Moving on to the more prolix portions of the chapter, The Guide assures us that Flume and Scribe are "complex and cumbersome", and introduce "deep-seated inefficiencies". The only useful Hadoop distribution is one with full NFS read/write. Which one has that again? Likewise, we should avoid a distribution with the "NameNode bottleneck", since they're limited to a "paltry 100 million to 150 million files". At this point it's pretty apparent that nobody has ever done anything good or useful with one of those crippled, open-source Hadoop distributions. HBase is in a similar situation: the open source community has screwed up so badly that only "a number of innovations ... can transform HBase" to make it useful. These innovations are all suspiciously similar to the ones that can make Hadoop useful! And they're listed yet again under the "Dependability" heading!

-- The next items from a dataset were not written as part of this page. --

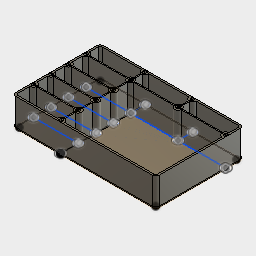
SIK_inserts v8 (Autodesk Fusion 360 design; units mm, degrees)
Autodesk Fusion 360 part; units mm, degrees
sketch "Sketch1" plane through (0, 0, 0) normal (0, 1, 0) x (1, 0, 0)
  line L0 (-107.65, -65.5) -> (133.65, -65.5)
  line L1 (140, -59.15) -> (140, 83.725)
  line L2 (133.65, 90.075) -> (-107.65, 90.075)
  line L3 (-114, 83.725) -> (-114, -59.15)
  arc A0 (-114, -59.15) -> (-107.65, -65.5) centre (-107.65, -59.15) ccw
  arc A1 (140, 83.725) -> (133.65, 90.075) centre (133.65, 83.725) ccw
  arc A2 (133.65, -65.5) -> (140, -59.15) centre (133.65, -59.15) ccw
  arc A3 (-107.65, 90.075) -> (-114, 83.725) centre (-107.65, 83.725) ccw
  point P0 (-114, -65.5)
  point P1 (140, -65.5)
  point P2 (-114, 90.075)
  dimension "d1" = 155.575
  dimension "d2" = 254
  dimension "d3" = 6.35
  dimension "d4" = 6.35
  dimension "d5" = 6.35
  dimension "d6" = 6.35
  measures "d1" distance of P0 P2
  measures "d2" distance of P0 P1
  measures "d3" radius of A0
  measures "d4" radius of A1
  measures "d5" radius of A2
  measures "d6" radius of A3
extrude "Extrude1" add sketch "Sketch1" along normal blind 3.175 makes body 1
sketch "Sketch2" plane through (0, 3.175, 0) normal (0, 1, 0) x (-1, 0, 0)
  arc A0 (107.65, -90.075) -> (114, -83.725) centre (107.65, -83.725) ccw
  line L0 (114, -83.725) -> (114, 59.15)
  arc A1 (114, 59.15) -> (107.65, 65.5) centre (107.65, 59.15) ccw
  line L1 (107.65, 65.5) -> (-133.65, 65.5)
  arc A2 (-133.65, 65.5) -> (-140, 59.15) centre (-133.65, 59.15) ccw
  line L2 (-140, 59.15) -> (-140, -83.725)
  arc A3 (-140, -83.725) -> (-133.65, -90.075) centre (-133.65, -83.725) ccw
  line L3 (-133.65, -90.075) -> (107.65, -90.075)
  line L4 (-136.825, 59.15) -> (-136.825, -83.725)
  arc A4 (-136.825, -83.725) -> (-133.65, -86.9) centre (-133.65, -83.725) ccw
  line L5 (-133.65, -86.9) -> (107.65, -86.9)
  arc A5 (107.65, -86.9) -> (110.825, -83.725) centre (107.65, -83.725) ccw
  line L6 (110.825, -83.725) -> (110.825, 59.15)
  arc A6 (110.825, 59.15) -> (107.65, 62.325) centre (107.65, 59.15) ccw
  line L7 (107.65, 62.325) -> (-133.65, 62.325)
  arc A7 (-133.65, 62.325) -> (-136.825, 59.15) centre (-133.65, 59.15) ccw
  circle A8 centre (31.45, 62.325) radius 3.175
  circle A9 centre (-136.825, -61.5) radius 3.175
  circle A10 centre (31.45, -61.5) radius 3.175
  circle A11 centre (31.45, -86.9) radius 3.175
  circle A12 centre (110.825, -61.5) radius 3.175
  circle A13 centre (31.45, 31.3688) radius 3.175
  circle A14 centre (31.45, 0.4125) radius 3.175
  circle A15 centre (31.45, -30.5437) radius 3.175
  circle A16 centre (-52.6875, -61.5) radius 3.175
  circle A17 centre (-52.6875, -86.9) radius 3.175
  circle A18 centre (110.825, -30.5437) radius 3.175
  circle A19 centre (110.825, 0.4125) radius 3.175
  circle A20 centre (110.825, 31.3688) radius 3.175
  circle A21 centre (31.45, 62.325) radius 6.35
  circle A22 centre (31.45, 31.3688) radius 6.35
  circle A23 centre (31.45, 0.4125) radius 6.35
  circle A24 centre (110.825, 31.3688) radius 6.35
  circle A25 centre (110.825, 0.4125) radius 6.35
  circle A26 centre (31.45, -30.5437) radius 6.35
  circle A27 centre (110.825, -30.5437) radius 6.35
  circle A28 centre (110.825, -61.5) radius 6.35
  circle A29 centre (31.45, -61.5) radius 6.35
  circle A30 centre (31.45, -86.9) radius 6.35
  circle A31 centre (-52.6875, -86.9) radius 6.35
  circle A32 centre (-52.6875, -61.5) radius 6.35
  circle A33 centre (-136.825, -61.5) radius 6.35
  line L8 (31.45, 31.3688) -> (110.825, 31.3688)
  line L9 (31.45, 0.4125) -> (110.825, 0.4125)
  line L10 (31.45, -30.5437) -> (110.825, -30.5437)
  line L11 (31.45, -61.5) -> (110.825, -61.5)
  line L12 (-52.6875, -61.5) -> (31.45, -61.5)
  line L13 (-136.825, -61.5) -> (-52.6875, -61.5)
  line L14 (-52.6875, -86.9) -> (-52.6875, -61.5)
  line L15 (31.45, -86.9) -> (31.45, -61.5)
  line L16 (31.45, -61.5) -> (31.45, -30.5437)
  line L17 (31.45, 0.4125) -> (31.45, -30.5437)
  line L18 (31.45, 31.3688) -> (31.45, 0.4125)
  line L19 (31.45, 62.325) -> (31.45, 31.3688)
  line L20 (31.45, 62.325) -> (31.45, 31.3688)
  line L21 (30.45, 62.325) -> (30.45, 31.3688)
  line L22 (31.45, 62.325) -> (31.45, 31.3688)
  line L23 (31.45, 62.325) -> (31.45, 31.3688)
  line L24 (32.45, 62.325) -> (32.45, 31.3688)
  line L25 (32.45, 31.3688) -> (32.45, 0.4125)
  line L26 (30.45, 31.3688) -> (30.45, 0.4125)
  line L27 (32.45, 0.4125) -> (32.45, -30.5437)
  line L28 (30.45, 0.4125) -> (30.45, -33.5572)
  line L29 (32.45, -30.5437) -> (32.45, -61.5)
  line L30 (30.45, -31.6976) -> (30.45, -61.5)
  line L31 (32.45, -61.5) -> (32.45, -86.9)
  line L32 (30.45, -61.5) -> (30.45, -86.9)
  line L33 (31.45, 30.3688) -> (110.825, 30.3688)
  line L34 (31.45, 31.3688) -> (110.825, 31.3688)
  line L35 (31.45, 32.3688) -> (110.825, 32.3688)
  line L36 (31.45, -0.5875) -> (110.825, -0.5875)
  line L37 (31.45, 0.4125) -> (110.825, 0.4125)
  line L38 (31.45, 1.4125) -> (110.825, 1.4125)
  line L39 (31.45, -31.5437) -> (110.825, -31.5437)
  line L40 (31.45, -30.5437) -> (110.825, -30.5437)
  line L41 (31.45, -29.5437) -> (110.825, -29.5437)
  line L42 (110.825, -61.5) -> (31.45, -61.5)
  line L43 (110.825, -60.5) -> (31.45, -60.5)
  line L44 (110.825, -62.5) -> (31.45, -62.5)
  line L45 (31.45, -62.5) -> (-136.825, -62.5)
  line L46 (31.45, -60.5) -> (-136.825, -60.5)
  line L47 (-52.6875, -61.5) -> (-52.6875, -86.9)
  line L48 (-51.6875, -86.9) -> (-51.6875, -61.5)
  line L49 (-53.6875, -86.9) -> (-53.6875, -61.5)
  line L50 (-133.65, -88.575) -> (107.65, -88.575)
  arc A34 (107.65, -88.575) -> (112.5, -83.725) centre (107.65, -83.725) ccw
  line L51 (112.5, -83.725) -> (112.5, 59.15)
  arc A35 (112.5, 59.15) -> (107.65, 64) centre (107.65, 59.15) ccw
  line L52 (107.65, 64) -> (-133.65, 64)
  arc A36 (-133.65, 64) -> (-138.5, 59.15) centre (-133.65, 59.15) ccw
  line L53 (-138.5, 59.15) -> (-138.5, -83.725)
  arc A37 (-138.5, -83.725) -> (-133.65, -88.575) centre (-133.65, -83.725) ccw
  line L54 (-136.825, -61.5) -> (-134.5799, -63.7451)
  line L55 (-136.825, -61.5) -> (-133.65, -61.5) construction
  line L56 (-136.825, -61.5) -> (-139.0701, -59.2549)
  line L57 (-136.825, -61.5) -> (-133.65, -61.5) construction
  line L58 (-136.825, -61.5) -> (-139.0701, -63.7451)
  line L59 (-136.825, -61.5) -> (-134.5799, -59.2549)
  line L60 (-136.4714, -61.8536) -> (-134.2264, -59.6085)
  line L61 (-136.4714, -61.8536) -> (-138.7165, -64.0986)
  line L62 (-139.0701, -63.7451) -> (-134.5799, -59.2549)
  line L63 (-139.4236, -63.3915) -> (-134.9335, -58.9014)
  line L64 (-136.4714, -61.1464) -> (-134.2264, -63.3915)
  line L65 (-136.4714, -61.1464) -> (-138.7165, -58.9014)
  line L66 (-134.5799, -63.7451) -> (-139.0701, -59.2549)
  line L67 (-134.9335, -64.0986) -> (-139.4236, -59.6085)
  line L68 (-136.4714, -61.8536) -> (-138.7165, -64.0986)
  line L69 (-139.4236, -63.3915) -> (-134.9335, -58.9014)
  line L70 (-136.4714, -61.1464) -> (-138.7165, -58.9014)
  line L71 (-136.4714, -61.8536) -> (-134.2264, -59.6085)
  line L72 (-136.4714, -61.1464) -> (-134.2264, -63.3915)
  circle A38 centre (-136.825, -61.5) radius 3.175
  line L73 (-50.796, -64.0986) -> (-55.2861, -59.6085)
  line L74 (-52.3339, -61.1464) -> (-54.579, -58.9014)
  line L75 (-52.3339, -61.1464) -> (-50.0889, -63.3915)
  line L76 (-52.3339, -61.8536) -> (-54.579, -64.0986)
  line L77 (-55.2861, -63.3915) -> (-50.796, -58.9014)
  line L78 (-52.3339, -61.8536) -> (-50.0889, -59.6085)
  circle A39 centre (-52.6875, -61.5) radius 3.175
  line L79 (-55.2861, -88.7915) -> (-50.796, -84.3014)
  line L80 (-52.3339, -87.2536) -> (-54.579, -89.4986)
  circle A40 centre (-52.6875, -86.9) radius 3.175
  line L81 (-50.796, -89.4986) -> (-55.2861, -85.0085)
  line L82 (-52.3339, -86.5464) -> (-50.0889, -88.7915)
  line L83 (-52.3339, -87.2536) -> (-50.0889, -85.0085)
  line L84 (-52.3339, -86.5464) -> (-54.579, -84.3014)
  line L85 (28.8514, -63.3915) -> (33.3415, -58.9014)
  line L86 (31.8036, -61.8536) -> (29.5585, -64.0986)
  circle A41 centre (31.45, -61.5) radius 3.175
  line L87 (33.3415, -64.0986) -> (28.8514, -59.6085)
  line L88 (31.8036, -61.1464) -> (34.0486, -63.3915)
  line L89 (31.8036, -61.8536) -> (34.0486, -59.6085)
  line L90 (31.8036, -61.1464) -> (29.5585, -58.9014)
  line L91 (28.8514, -88.7915) -> (33.3415, -84.3014)
  line L92 (31.8036, -87.2536) -> (29.5585, -89.4986)
  circle A42 centre (31.45, -86.9) radius 3.175
  line L93 (33.3415, -89.4986) -> (28.8514, -85.0085)
  line L94 (31.8036, -86.5464) -> (34.0486, -88.7915)
  line L95 (31.8036, -87.2536) -> (34.0486, -85.0085)
  line L96 (31.8036, -86.5464) -> (29.5585, -84.3014)
  line L97 (108.2264, -63.3915) -> (112.7165, -58.9014)
  line L98 (111.1786, -61.8536) -> (108.9335, -64.0986)
  circle A43 centre (110.825, -61.5) radius 3.175
  line L99 (112.7165, -64.0986) -> (108.2264, -59.6085)
  line L100 (111.1786, -61.1464) -> (113.4236, -63.3915)
  line L101 (111.1786, -61.8536) -> (113.4236, -59.6085)
  line L102 (111.1786, -61.1464) -> (108.9335, -58.9014)
  line L103 (28.8514, -32.4353) -> (33.3415, -27.9451)
  line L104 (31.8036, -30.8973) -> (29.5585, -33.1424)
  circle A44 centre (31.45, -30.5437) radius 3.175
  line L105 (33.3415, -33.1424) -> (28.8514, -28.6522)
  line L106 (31.8036, -30.1902) -> (34.0486, -32.4353)
  line L107 (31.8036, -30.8973) -> (34.0486, -28.6522)
  line L108 (31.8036, -30.1902) -> (29.5585, -27.9451)
  line L109 (28.8514, -1.479) -> (33.3415, 3.0111)
  line L110 (31.8036, 0.0589) -> (29.5585, -2.1861)
  circle A45 centre (31.45, 0.4125) radius 3.175
  line L111 (33.3415, -2.1861) -> (28.8514, 2.304)
  line L112 (31.8036, 0.7661) -> (34.0486, -1.479)
  line L113 (31.8036, 0.0589) -> (34.0486, 2.304)
  line L114 (31.8036, 0.7661) -> (29.5585, 3.0111)
  line L115 (108.2264, -32.4353) -> (112.7165, -27.9451)
  line L116 (111.1786, -30.8973) -> (108.9335, -33.1424)
  circle A46 centre (110.825, -30.5437) radius 3.175
  line L117 (112.7165, -33.1424) -> (108.2264, -28.6522)
  line L118 (111.1786, -30.1902) -> (113.4236, -32.4353)
  line L119 (111.1786, -30.8973) -> (113.4236, -28.6522)
  line L120 (111.1786, -30.1902) -> (108.9335, -27.9451)
  line L121 (108.2264, -1.479) -> (112.7165, 3.0111)
  line L122 (111.1786, 0.0589) -> (108.9335, -2.1861)
  circle A47 centre (110.825, 0.4125) radius 3.175
  line L123 (112.7165, -2.1861) -> (108.2264, 2.304)
  line L124 (111.1786, 0.7661) -> (113.4236, -1.479)
  line L125 (111.1786, 0.0589) -> (113.4236, 2.304)
  line L126 (111.1786, 0.7661) -> (108.9335, 3.0111)
  line L127 (28.8514, 29.4772) -> (33.3415, 33.9674)
  line L128 (31.8036, 31.0152) -> (29.5585, 28.7701)
  circle A48 centre (31.45, 31.3688) radius 3.175
  line L129 (33.3415, 28.7701) -> (28.8514, 33.2603)
  line L130 (31.8036, 31.7223) -> (34.0486, 29.4772)
  line L131 (31.8036, 31.0152) -> (34.0486, 33.2603)
  line L132 (31.8036, 31.7223) -> (29.5585, 33.9674)
  line L133 (108.2264, 29.4772) -> (112.7165, 33.9674)
  line L134 (111.1786, 31.0152) -> (108.9335, 28.7701)
  circle A49 centre (110.825, 31.3688) radius 3.175
  line L135 (112.7165, 28.7701) -> (108.2264, 33.2603)
  line L136 (111.1786, 31.7223) -> (113.4236, 29.4772)
  line L137 (111.1786, 31.0152) -> (113.4236, 33.2603)
  line L138 (111.1786, 31.7223) -> (108.9335, 33.9674)
  line L139 (28.8514, 60.4335) -> (33.3415, 64.9236)
  line L140 (31.8036, 61.9714) -> (29.5585, 59.7264)
  circle A50 centre (31.45, 62.325) radius 3.175
  line L141 (33.3415, 59.7264) -> (28.8514, 64.2165)
  line L142 (31.8036, 62.6786) -> (34.0486, 60.4335)
  line L143 (31.8036, 61.9714) -> (34.0486, 64.2165)
  line L144 (31.8036, 62.6786) -> (29.5585, 64.9236)
  point P0 (31.45, -61.5)
  dimension "d9" = 3.175
  dimension "d12" = 165.1
  dimension "d13" = 120.65
  dimension "d14" = 6.35
  dimension "d15" = 6.35
  dimension "d18" = 6.35
  dimension "d19" = 6.35
  dimension "d20" = 6.35
  dimension "d21" = 6.35
  dimension "d22" = 6.35
  dimension "d23" = 6.35
  dimension "d24" = 6.35
  dimension "d25" = 6.35
  dimension "d26" = 6.35
  dimension "d27" = 6.35
  dimension "d28" = 6.35
  dimension "d29" = 3.175
  dimension "d30" = 3.175
  dimension "d31" = 3.175
  dimension "d32" = 3.175
  dimension "d33" = 3.175
  dimension "d34" = 3.175
  dimension "d35" = 3.175
  dimension "d36" = 3.175
  dimension "d37" = 3.175
  dimension "d38" = 3.175
  dimension "d39" = 3.175
  dimension "d40" = 3.175
  dimension "d41" = 3.175
  dimension "d42" = 1
  dimension "d43" = 1
  dimension "d44" = 1
  dimension "d45" = 1
  dimension "d46" = 1
  dimension "d47" = 1
  dimension "d48" = 1
  dimension "d49" = 1
  dimension "d50" = 1
  dimension "d51" = 1
  dimension "d52" = 1
  dimension "d53" = 1
  dimension "d54" = 1.5
  dimension "d58" = 45
  dimension "d59" = 135
  dimension "d60" = 0.5
  dimension "d61" = 0.5
  dimension "d62" = 0.5
  dimension "d63" = 0.5
  dimension "d64" = 6.35
  dimension "d65" = 6.35
  dimension "d66" = 6.35
  dimension "d67" = 6.35
  dimension "d68" = 6.35
  dimension "d69" = 6.35
  dimension "d70" = 6.35
  dimension "d71" = 6.35
  dimension "d72" = 6.35
  dimension "d73" = 6.35
  dimension "d74" = 6.35
  dimension "d75" = 6.35
  dimension "d76" = 6.35
  measures "d12" distance of L7.end A8.centre
  measures "d13" distance of L4.start A9.centre
  measures "d14" diameter of A8
  measures "d15" diameter of A9
  measures "d18" diameter of A10
  measures "d19" diameter of A11
  measures "d20" diameter of A12
  measures "d21" diameter of A13
  measures "d22" diameter of A14
  measures "d23" diameter of A15
  measures "d24" diameter of A16
  measures "d25" diameter of A17
  measures "d26" diameter of A18
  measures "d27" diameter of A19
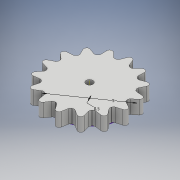
# Autodesk Inventor part: gear
Saved by Autodesk Inventor 2018 (Build 220112000, 112)
## iProperties
Created: 2019-02-11
Part Number: gear
Material: Genérico
Document SubType Name: Modeling
Designer: EDWIN
Density: 1 g/cm^3
Appearance: Valor por defecto
Author: EDWIN
Autodesk Inventor part; units mm, degrees
ref_plane "YZ Plane" through (0, 0, 0) normal (1, 0, 0) x (0, 1, 0)
ref_plane "XZ Plane" through (0, 0, 0) normal (0, 1, 0) x (-1, 0, 0)
ref_plane "XY Plane" through (0, 0, 0) normal (0, 0, 1) x (1, 0, 0)
sketch "Boceto1" plane through (0, 0, 0) normal (0, 0, 1) x (1, 0, 0)
  circle A0 centre (0, 0) radius 2.5
  circle A1 centre (0, 0) radius 0.25
  dimension "d0" = 5
  dimension "d12" = 0.5
  constraints: 2 centre point, 2 coincident
  measures "d0" diameter of A0
  measures "d12" diameter of A1
extrude "Extrusión1" add sketch "Boceto1" along normal blind 1 contours A0 | A1
sketch "Boceto2" plane through (0, 0, 1) normal (0, 0, 1) x (1, 0, 0)
  line L0 (-0.125, 3.1279) -> (0.125, 3.1279)
  line L1 (-0.5, 2.2) -> (0.5, 2.2)
  line L2 (-0.125, 3.1279) -> (-0.5, 2.2)
  line L3 (0.5, 2.2) -> (0.125, 3.1279)
  line L4 (0, 0) -> (0, 2.2)
  point P0 (0, 3.1279)
  point P1 (0, 2.2)
  dimension "d3" = 0.25
  dimension "d4" = 1
  dimension "d5" = 2.2
  constraints: 10 end point, 2 horizontal, 2 midpoint, 1 vertical, 1 vertical alignment
  measures "d3" distance of L0.start L0.end
  measures "d4" distance of L1.start L1.end
  measures "d5" distance of L4.start L4.end
extrude "Extrusión2" add sketch "Boceto2" against normal blind 1
fillet "Empalme1" radius 0.2 4 edges at (0.125, 3.1279, 0.5) (-0.125, 3.1279, 0.5) (-0.3912, 2.4692, 0.5) (0.3912, 2.4692, 0.5)
pattern_circular "Patrón circular1" count 15 over 360 about axis through (0, 0, 0) along (0, 0, 1) of "Empalme1", "Extrusión2"
extrude "Extrusión3" cut sketch "Boceto1" along normal blind 1 contours A1
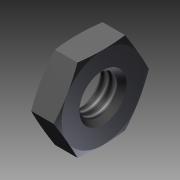
# Autodesk Inventor part: 205-S-M
Saved by Autodesk Inventor 2011 SP1 (Build 150282100, 282)
## iProperties
Created: 2017-03-01
Part Number: 205-S-M
Catalog Web Link: www.cadenas.de
Description: MU-SU-Mutter
Vendor: DESTACO
Document SubType Name: Modeling
Designer: psAdmin
Manufacturer: DESTACO
Mass: 0.073274 g
Surface Area: 1.37832 cm^2
Volume: 0.073274 cm^3
Density: 1 g/cm^3
Category: PARTsolutions
Company: DESTACO
Title: 205-S-M
Author: Cadenas PARTsolutions
Comments: Mutter
PSOL_IDENT_0: {$CADENAS_DATA\23d-libs\destaco\destaco_gmbh\man_spann\horizontalspanner\standard\su_parts\mutter_su
PSOL_IDENT_1: .prj},157 {VTYP=3D},{NB=205-S-M},{LINA=205-S-M},{NN=MU-SU},{DATE=20.09.2016 07:53:12},{GEOMDATE=08.1
PSOL_IDENT_2: 2.2009 09:59:00},{VERSION=v1},{LINEID=20},{LINESUBID=-1},{WBVAR=}  {NB=205-S-M},{LINA=205-S-M},{KT=D
PSOL_IDENT_3: UMMY},{MODELL=205-S-M},{SIZE=1},{MOD=1.000}
NN: MU-SU
NT: Mutter
NB: 205-S-M
NBSYN: $MODELL.
LINA: 205-S-M
MODELL: 205-S-M
SIZE: 1
MOD: 1.000
SUPPLIER: DESTACO
ARTICLENO: 205-S-M
BOMINFO: 205-S-M
CREATOR: CADENAS GmbH
Autodesk Inventor part; units mm, degrees
sketch "Skizze_1" plane through (0, 0, 0) normal (0, 1, 0) x (-1, 0, 0)
  line L0 (-3.749, 0) -> (-1.549, 0)
  line L1 (-1.549, 0) -> (-1.549, -3.5)
  line L2 (-1.549, -3.5) -> (-2.649, -7.6053)
  line L3 (-2.649, -7.6053) -> (-3.749, -3.5)
  line L4 (-3.749, -3.5) -> (-3.749, 0)
  line L5 (-3.749, 0) -> (-1.549, 0)
  constraints: 12 end point
revolve "Revolution1" add sketch "Skizze_1" angle 360 about axis through (3.749, 0, 0) along (1, 0, 0)
sketch "Skizze_2" plane through (0, 0, 0) normal (1, 0, 0) x (0, 1, 0)
  line L0 (-35, 26) -> (-35, -52)
  line L1 (-35, -52) -> (26, -52)
  line L2 (26, -52) -> (26, 26)
  line L3 (26, 26) -> (-35, 26)
  line L4 (-2.0207, 3.5) -> (-4.0415, 0)
  line L5 (-4.0415, 0) -> (-2.0207, -3.5)
  line L6 (-2.0207, -3.5) -> (2.0207, -3.5)
  line L7 (2.0207, -3.5) -> (4.0415, 0)
  line L8 (4.0415, 0) -> (2.0207, 3.5)
  line L9 (2.0207, 3.5) -> (-2.0207, 3.5)
  constraints: 20 end point
extrude "Extrusion1" cut sketch "Skizze_2" along normal blind 10
sketch "Skizze_3" plane through (0, 0, 0) normal (0, 1, 0) x (-1, 0, 0)
  line L0 (-3.749, 0) -> (-1.549, 0)
  line L1 (-1.549, 0) -> (-1.549, -2)
  line L2 (-1.549, -2) -> (-1.928, -1.621)
  line L3 (-1.928, -1.621) -> (-3.37, -1.621)
  line L4 (-3.37, -1.621) -> (-3.749, -2)
  line L5 (-3.749, -2) -> (-3.749, 0)
  line L6 (-3.749, 0) -> (-1.549, 0)
  constraints: 14 end point
revolve "Revolution2" cut sketch "Skizze_3" angle 360 about axis through (3.749, 0, 0) along (1, 0, 0)
thread "Thread1" size "M4x0.7" class "6H" standard "ISO Metric profile" full length
ref_plane "M_XY" through (0, 0, 0) normal (1, 0, 0) x (0, 0, -1)
ref_plane "M_YZ" through (0, 0, 0) normal (0, 0, -1) x (0, 1, 0)
ref_plane "M_ZX" through (0, 0, 0) normal (0, 1, 0) x (1, 0, 0)
body "Solid1"

The High Availability section asserts that "it shouldn't be necessary to perform any special steps to take advantage of HA". I did think it was a bit odd when I had to smear goat blood all over the NameNode with Apache Hadoop, but the manual assured me it would bring me favour from the Gods of Big Data(tm). On the other hand, a MapR representative did warn me once that "enabling HA in Cloudera takes a 90 page document!", which leads me to believe that basic literacy may be considered "special" by some. Either way, The Guide will have none of your high-falutin "configuration".
The Winner Is!
Cash rules everything around me, CREAM, get the money, dolla dolla bill yo - the Author, somewhere, probably
We're not going to tell you outright what vendor to buy from - this is a complex, multi-faceted decision which requires an assessment of your needs, your existing codebase and your development resources. Surely every vendor has pros and cons, and is suited to a different business case. Of course, MapR does have a lot of 'Yes' in the matrix on the final page. Hey, they have all the things I'm supposed to put in my RFP! What's that, Hadoop Buyer's Guide? HortonWorks hates freedom and devours the hearts of kittens?